● **Extracted entries**:
★ ★ ★

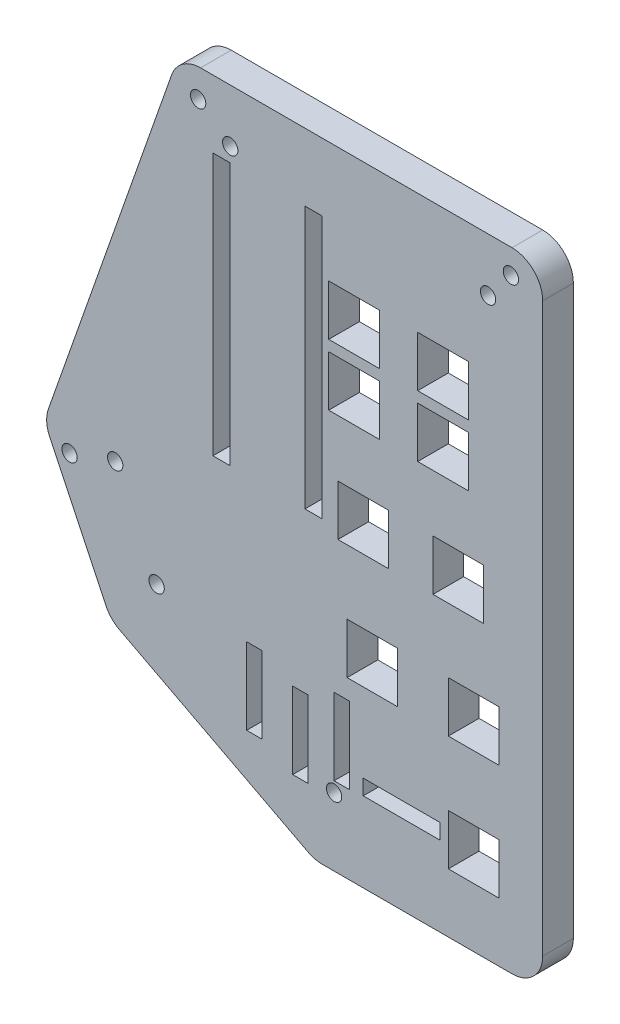
from build123d import *

# Parameters (mm, degrees)
SKETCH1_R           = 1.27
BOSS_EXTRUDE1_DEPTH = 5.08
SKETCH5_W           = 8.382
SKETCH5_H           = 8.382
SKETCH5_W_2         = 2.794
SKETCH5_H_2         = 43.434
CUT_EXTRUDE1_DEPTH  = 112.507157169
SKETCH7_R           = 1.27
CUT_EXTRUDE3_DEPTH  = 112.507157169
SKETCH8_W           = 12.7
SKETCH8_H           = 2.54
SKETCH8_W_2         = 2.54
SKETCH8_H_2         = 12.7
CUT_EXTRUDE4_DEPTH  = 112.507157169


with BuildPart() as part:
    # Sketch1 → Boss-Extrude1 (new body)
    with BuildSketch(Plane.XY):
        with BuildLine():
            Line((-3.314058103, 6.35), (48.26, 6.35))
            ThreePointArc((48.26, 6.35), (51.852102448, 4.862102448), (53.34, 1.27))
            Line((53.34, 1.27), (53.34, -92.71))
            ThreePointArc((53.34, -92.71), (51.852102448, -96.302102448), (48.26, -97.79))
            Line((48.26, -97.79), (16.846989059, -97.79))
            ThreePointArc((16.846989059, -97.79), (15.638688158, -97.644208035), (14.499741809, -97.215200367))
            Line((14.499741809, -97.215200367), (-16.7505185, -80.933552139))
            ThreePointArc((-16.7505185, -80.933552139), (-18.059258376, -79.955412607), (-18.989802686, -78.61241436))
            Line((-18.989802686, -78.61241436), (-28.309569459, -59.040904135))
            ThreePointArc((-28.309569459, -59.040904135), (-28.795802898, -57.127870198), (-28.51617555, -55.173917704))
            Line((-28.51617555, -55.173917704), (-8.107195629, 2.952923842))
            ThreePointArc((-8.107195629, 2.952923842), (-6.251501454, 5.414614163), (-3.314058103, 6.35))
        make_face()
        with Locations((48.0822, 2.286)):
            Circle(SKETCH1_R, mode=Mode.SUBTRACT)
        with Locations((-3.718687848, 1.651)):
            Circle(SKETCH1_R, mode=Mode.SUBTRACT)
        with Locations((-25.012261453, -59.761967182)):
            Circle(SKETCH1_R, mode=Mode.SUBTRACT)
    extrude(amount=BOSS_EXTRUDE1_DEPTH)

    # Sketch5 → Cut-Extrude1 (cut, through all)
    with BuildSketch(Plane(origin=(0, 0, 0), x_dir=(-1, 0, 0), z_dir=(0, 0, -1))):
        with Locations((-36.83, -17.78)):
            Rectangle(SKETCH5_W, SKETCH5_H)
        with Locations((-39.37, -45.72)):
            Rectangle(SKETCH5_W, SKETCH5_H)
        with Locations((-36.83, -27.94)):
            Rectangle(SKETCH5_W, SKETCH5_H)
        with Locations((-41.91, -64.77)):
            Rectangle(SKETCH5_W, SKETCH5_H)
        with Locations((-41.91, -83.82)):
            Rectangle(SKETCH5_W, SKETCH5_H)
        with Locations((-22.098, -17.78)):
            Rectangle(SKETCH5_W, SKETCH5_H)
        with Locations((-22.098, -27.94)):
            Rectangle(SKETCH5_W, SKETCH5_H)
        with Locations((-23.622, -45.72)):
            Rectangle(SKETCH5_W, SKETCH5_H)
        with Locations((-25.146, -64.77)):
            Rectangle(SKETCH5_W, SKETCH5_H)
        with Locations((-15.367, -26.543)):
            Rectangle(SKETCH5_W_2, SKETCH5_H_2)
        with Locations((-0.127, -26.543)):
            Rectangle(SKETCH5_W_2, SKETCH5_H_2)
    extrude(amount=-CUT_EXTRUDE1_DEPTH, mode=Mode.SUBTRACT)

    # Sketch7 → Cut-Extrude3 (cut, through all)
    with BuildSketch(Plane.XY.offset(5.08)):
        with Locations((44.2976, -2.4892)):
            Circle(SKETCH7_R)
        with Locations((1.6002, -2.4384)):
            Circle(SKETCH7_R)
        with Locations((-17.4498, -57.15)):
            Circle(SKETCH7_R)
        with Locations((-10.5918, -71.3486)):
            Circle(SKETCH7_R)
        with Locations((18.796, -86.5378)):
            Circle(SKETCH7_R)
    extrude(amount=-CUT_EXTRUDE3_DEPTH, mode=Mode.SUBTRACT)

    # Sketch8 → Cut-Extrude4 (cut, through all)
    with BuildSketch(Plane.XY.offset(5.08)):
        with Locations((29.972, -83.312)):
            Rectangle(SKETCH8_W, SKETCH8_H)
        with Locations((20.066, -78.486)):
            Rectangle(SKETCH8_W_2, SKETCH8_H_2)
        with Locations((13.208, -81.026)):
            Rectangle(SKETCH8_W_2, SKETCH8_H_2)
        with Locations((5.588, -78.486)):
            Rectangle(SKETCH8_W_2, SKETCH8_H_2)
    extrude(amount=-CUT_EXTRUDE4_DEPTH, mode=Mode.SUBTRACT)


solid = part.part

★ ★ ★

● **Required action**: In the records, how many lines include the string "amount"? The answer is that number alone.

● **The answer**: 4